**RECORDS PROVIDED:**
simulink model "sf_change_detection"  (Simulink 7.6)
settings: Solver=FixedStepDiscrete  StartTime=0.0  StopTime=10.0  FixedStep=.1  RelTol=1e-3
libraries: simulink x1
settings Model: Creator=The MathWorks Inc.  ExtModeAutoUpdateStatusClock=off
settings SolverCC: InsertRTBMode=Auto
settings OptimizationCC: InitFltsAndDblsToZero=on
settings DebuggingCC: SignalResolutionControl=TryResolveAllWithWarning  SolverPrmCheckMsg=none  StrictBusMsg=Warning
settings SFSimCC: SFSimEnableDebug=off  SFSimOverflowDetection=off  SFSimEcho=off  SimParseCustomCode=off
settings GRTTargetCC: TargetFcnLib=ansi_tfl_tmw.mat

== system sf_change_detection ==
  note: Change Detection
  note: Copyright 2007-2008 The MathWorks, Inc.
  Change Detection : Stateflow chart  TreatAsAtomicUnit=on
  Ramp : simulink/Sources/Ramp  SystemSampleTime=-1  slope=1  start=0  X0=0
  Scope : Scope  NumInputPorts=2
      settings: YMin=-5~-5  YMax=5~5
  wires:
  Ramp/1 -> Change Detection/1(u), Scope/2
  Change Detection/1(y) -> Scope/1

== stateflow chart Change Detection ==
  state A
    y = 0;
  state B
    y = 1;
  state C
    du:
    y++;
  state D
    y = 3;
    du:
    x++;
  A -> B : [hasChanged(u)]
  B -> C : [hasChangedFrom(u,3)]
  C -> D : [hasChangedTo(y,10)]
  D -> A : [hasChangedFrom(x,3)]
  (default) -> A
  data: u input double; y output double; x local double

**REQUIREMENT:** Could you return exactly the lines above from the line with "note: Copyright 2007-2008" to the line with "(default) -> A", both included, and nothing else?

**SOLUTION TO THIS PROBLEM:**
  note: Copyright 2007-2008 The MathWorks, Inc.
  Change Detection : Stateflow chart  TreatAsAtomicUnit=on
  Ramp : simulink/Sources/Ramp  SystemSampleTime=-1  slope=1  start=0  X0=0
  Scope : Scope  NumInputPorts=2
      settings: YMin=-5~-5  YMax=5~5
  wires:
  Ramp/1 -> Change Detection/1(u), Scope/2
  Change Detection/1(y) -> Scope/1

== stateflow chart Change Detection ==
  state A
    y = 0;
  state B
    y = 1;
  state C
    du:
    y++;
  state D
    y = 3;
    du:
    x++;
  A -> B : [hasChanged(u)]
  B -> C : [hasChangedFrom(u,3)]
  C -> D : [hasChangedTo(y,10)]
  D -> A : [hasChangedFrom(x,3)]
  (default) -> A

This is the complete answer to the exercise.